A01. Investigating the human interaction effects on water cycles
Title
Investigating the human interaction effects on water cycles
Authors
Xiaoying Shi Katherine Calvin (Unlicensed) Andrew D. Jones Ben Bond-Lamberty Peter Thornton Alan Di Vittorio
Abstract
In the traditional asynchronous approach, human system information required as forcing for climate prediction is generated in advance by economic integrated assessment models (IAMs) that include both energy and agricultural sectors. An integrated Earth System Model (iESM), which couples the Global Change Assessment Model, Global Land-use Model, and community Earth System Model together, was recently developed (Collins et al. 2015; Thornton et al., 2017). It provides a tremendous opportunity for modeling experiments to examine interactions between the human and natural systems, which is a synchronous approach for climate change projection.
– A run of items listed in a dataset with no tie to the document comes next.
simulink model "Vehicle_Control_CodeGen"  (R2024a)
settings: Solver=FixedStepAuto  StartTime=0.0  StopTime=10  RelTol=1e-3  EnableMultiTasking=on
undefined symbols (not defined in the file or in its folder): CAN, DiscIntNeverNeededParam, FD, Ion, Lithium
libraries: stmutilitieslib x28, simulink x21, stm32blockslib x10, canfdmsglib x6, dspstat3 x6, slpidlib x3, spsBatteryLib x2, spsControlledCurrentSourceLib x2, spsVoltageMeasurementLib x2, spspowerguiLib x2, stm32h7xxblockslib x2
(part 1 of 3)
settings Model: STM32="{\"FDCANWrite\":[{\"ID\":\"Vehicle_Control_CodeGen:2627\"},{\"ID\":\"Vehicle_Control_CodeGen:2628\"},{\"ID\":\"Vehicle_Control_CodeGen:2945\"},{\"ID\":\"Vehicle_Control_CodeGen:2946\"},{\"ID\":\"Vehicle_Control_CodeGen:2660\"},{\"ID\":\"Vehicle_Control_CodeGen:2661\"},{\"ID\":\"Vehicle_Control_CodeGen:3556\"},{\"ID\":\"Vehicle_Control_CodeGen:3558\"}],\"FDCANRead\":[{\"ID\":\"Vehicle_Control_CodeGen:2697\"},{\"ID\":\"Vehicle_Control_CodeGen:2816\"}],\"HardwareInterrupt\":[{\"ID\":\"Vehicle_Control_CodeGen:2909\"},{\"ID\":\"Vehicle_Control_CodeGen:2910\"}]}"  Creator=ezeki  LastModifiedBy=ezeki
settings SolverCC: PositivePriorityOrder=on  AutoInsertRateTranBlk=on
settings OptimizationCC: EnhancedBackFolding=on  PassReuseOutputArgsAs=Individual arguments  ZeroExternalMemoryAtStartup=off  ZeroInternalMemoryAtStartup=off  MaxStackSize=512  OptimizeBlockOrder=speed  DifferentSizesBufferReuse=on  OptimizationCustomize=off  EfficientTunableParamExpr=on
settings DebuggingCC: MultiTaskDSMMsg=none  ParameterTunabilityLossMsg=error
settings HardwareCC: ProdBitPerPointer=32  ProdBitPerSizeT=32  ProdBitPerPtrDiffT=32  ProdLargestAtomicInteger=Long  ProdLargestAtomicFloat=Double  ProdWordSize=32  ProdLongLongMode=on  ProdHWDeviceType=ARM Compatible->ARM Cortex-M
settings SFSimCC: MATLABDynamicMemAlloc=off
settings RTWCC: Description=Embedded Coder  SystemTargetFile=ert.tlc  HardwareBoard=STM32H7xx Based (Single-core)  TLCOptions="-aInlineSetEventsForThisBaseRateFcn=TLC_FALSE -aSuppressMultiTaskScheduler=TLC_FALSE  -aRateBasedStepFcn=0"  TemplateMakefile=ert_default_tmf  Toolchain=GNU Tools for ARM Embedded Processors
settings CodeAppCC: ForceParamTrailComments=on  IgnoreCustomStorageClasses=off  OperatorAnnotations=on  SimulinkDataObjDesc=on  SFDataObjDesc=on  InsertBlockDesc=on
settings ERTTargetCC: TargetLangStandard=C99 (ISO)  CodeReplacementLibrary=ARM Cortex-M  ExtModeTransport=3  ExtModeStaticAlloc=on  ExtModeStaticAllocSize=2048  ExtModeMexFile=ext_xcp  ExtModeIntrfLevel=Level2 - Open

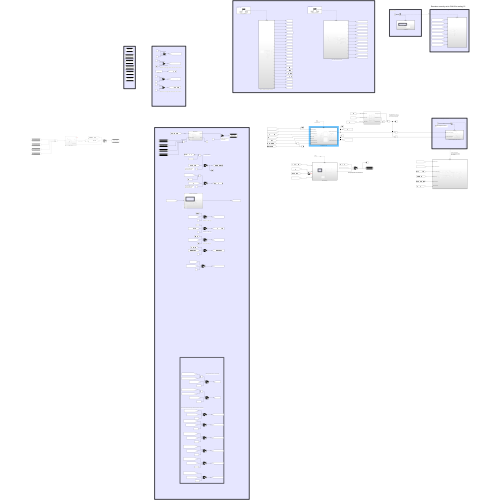
[thumbnail: Simulink's stored preview of the top-level diagram]
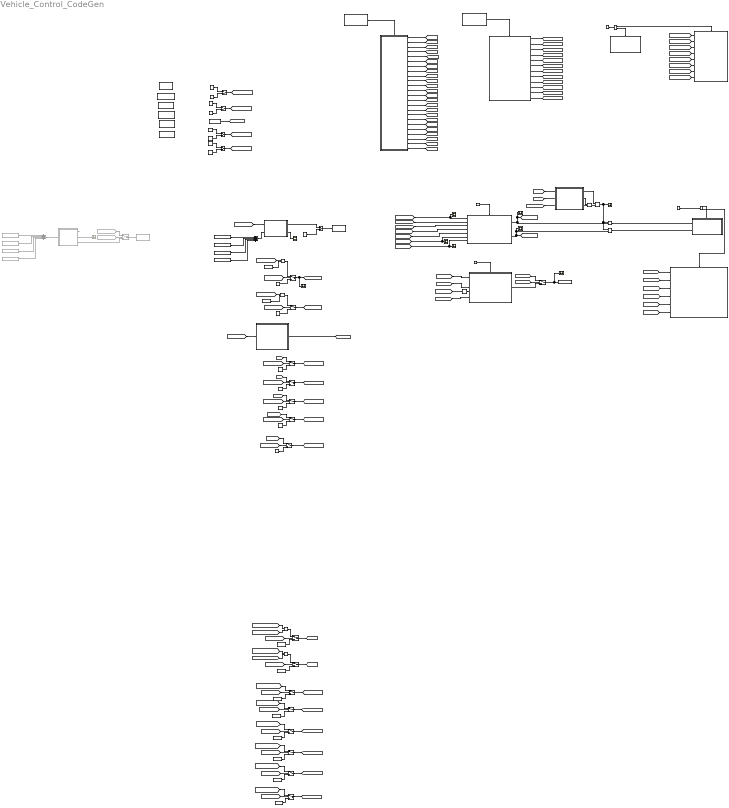
== system Vehicle_Control_CodeGen ==
  note: Because of the expected amount of acceleration between function call this function is also set to run at 50Hz.
  note: Derating values a scalers and are in the the magnitude of 0-1. The can be multiplied by with the requested power to scale them appropriatly.
  note: Takes the greater of the two for use in derating.
  note: Handy to test Can outputs. A constant can be put in to test transmission
  note: Greater then 5 enables regen
  note: Converts RPM to Rad/s
  note: PID Loop runs allot faster to minimise overshoot. Messages are sent at a slower rate.
  note: Remeber currently set to CAN 2 for testing !!!!
  note: Receiving Can messages from CAN 1 (front of vehicle) and Can 2 (inverters)
  note: These can also be used to test code gen. Shows that varibles are transmitting.
  note: Global Defines
  note: Set Max time to 2154 Length of dat set used for power control for endurance
  note: This Constant Can be changed to varible at a latter date for data playback/simulation
  note: All Global Varibles
  note: Simulation Varible Setup
  note: This can be configured for either endurance (Power Forcasting Used) Or other events (fixed power limit)
  note: Set to 500 Hz call
  note: This Constant Can be changed to varible at a latter date for data playback/simulation
  note: Set Max time to 2154 Length of dat set used for power control for endurance
  note: CAN 1 information from pedal box and dash.
  note: Inverter Can Setup
  note: CAN 2 Receive Data From Inverters
  note: Forwarding Messages From the Inverters to Data Logger
  note: Example On How to send Messages to Inverters
  note: Greater then 5 enables regen
  note: Less then 90 enables regen
  10 HZ Send1 : Subsystem  TreatAsAtomicUnit=on
  50 HZ Send Torque Requests to Inverters : Subsystem  TreatAsAtomicUnit=on
  Add : Sum  Commented=on  Inputs=++++
  Add1 : Sum  Inputs=++++
  Battery Model : Subsystem  Commented=on
  Constant{,5,14,24} (4 alike) : Constant
  Constant{1,6,8,15,25} (5 alike) : Constant  Value=0
  Constant{2,7,10..13} (6 alike) : Constant  Value=25000
  Constant16 : Constant  Value=0.10472
  Constant17 : Constant  Value=0.10472
  Constant18 : Constant  Value=6
  Constant19 : Constant  Value=85
  Constant20 : Constant  Value=580
  Constant21 : Constant  Value=20
  Constant22 : Constant  Value=40
  Constant23 : Constant  Value=60
  Constant3 : Constant  Value=10
  Constant4 : Constant  Value=10
  Constant9 : Constant  Value=6
  Data Store Memory : DataStoreMemory  DataStoreName=Battery_Voltage  WriteAfterWriteMsg=warning  ShowAdditionalParam=off
  Data Store Memory1 : DataStoreMemory  DataStoreName=Right_Sim_Discharge_Current  WriteAfterWriteMsg=warning  ShowAdditionalParam=off
  Data Store Memory2 : DataStoreMemory  DataStoreName=Right_Sim_Regen_Current  WriteAfterWriteMsg=warning  ShowAdditionalParam=off
  Data Store Memory3 : DataStoreMemory  DataStoreName=Left_Sim_Discharge_Current  WriteAfterWriteMsg=warning  ShowAdditionalParam=off
  Data Store Memory4 : DataStoreMemory  DataStoreName=Left_Sim_Regen_Current  WriteAfterWriteMsg=warning  ShowAdditionalParam=off
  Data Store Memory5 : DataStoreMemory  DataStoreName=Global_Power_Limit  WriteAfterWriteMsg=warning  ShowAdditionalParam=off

A bundle of experiments was conducted using the iESM under the RCP8.5 scenario to explore the radiative and physiological effects of atmospheric CO2 concentration and Earth-human interactions in the context of future hydrological projections. We found that CO2 concentration has significant effects on the hydrological cycle by modulating the evapotranspiration of the plant and soil system. Considering the Earth and human system interactions also has significant impacts on future water cycle through interactive land use and land cover change, greenhouse gas emissions and so on. On the basis of these results, we address the importance of using more integrated modeling system to project the Earth environmental change.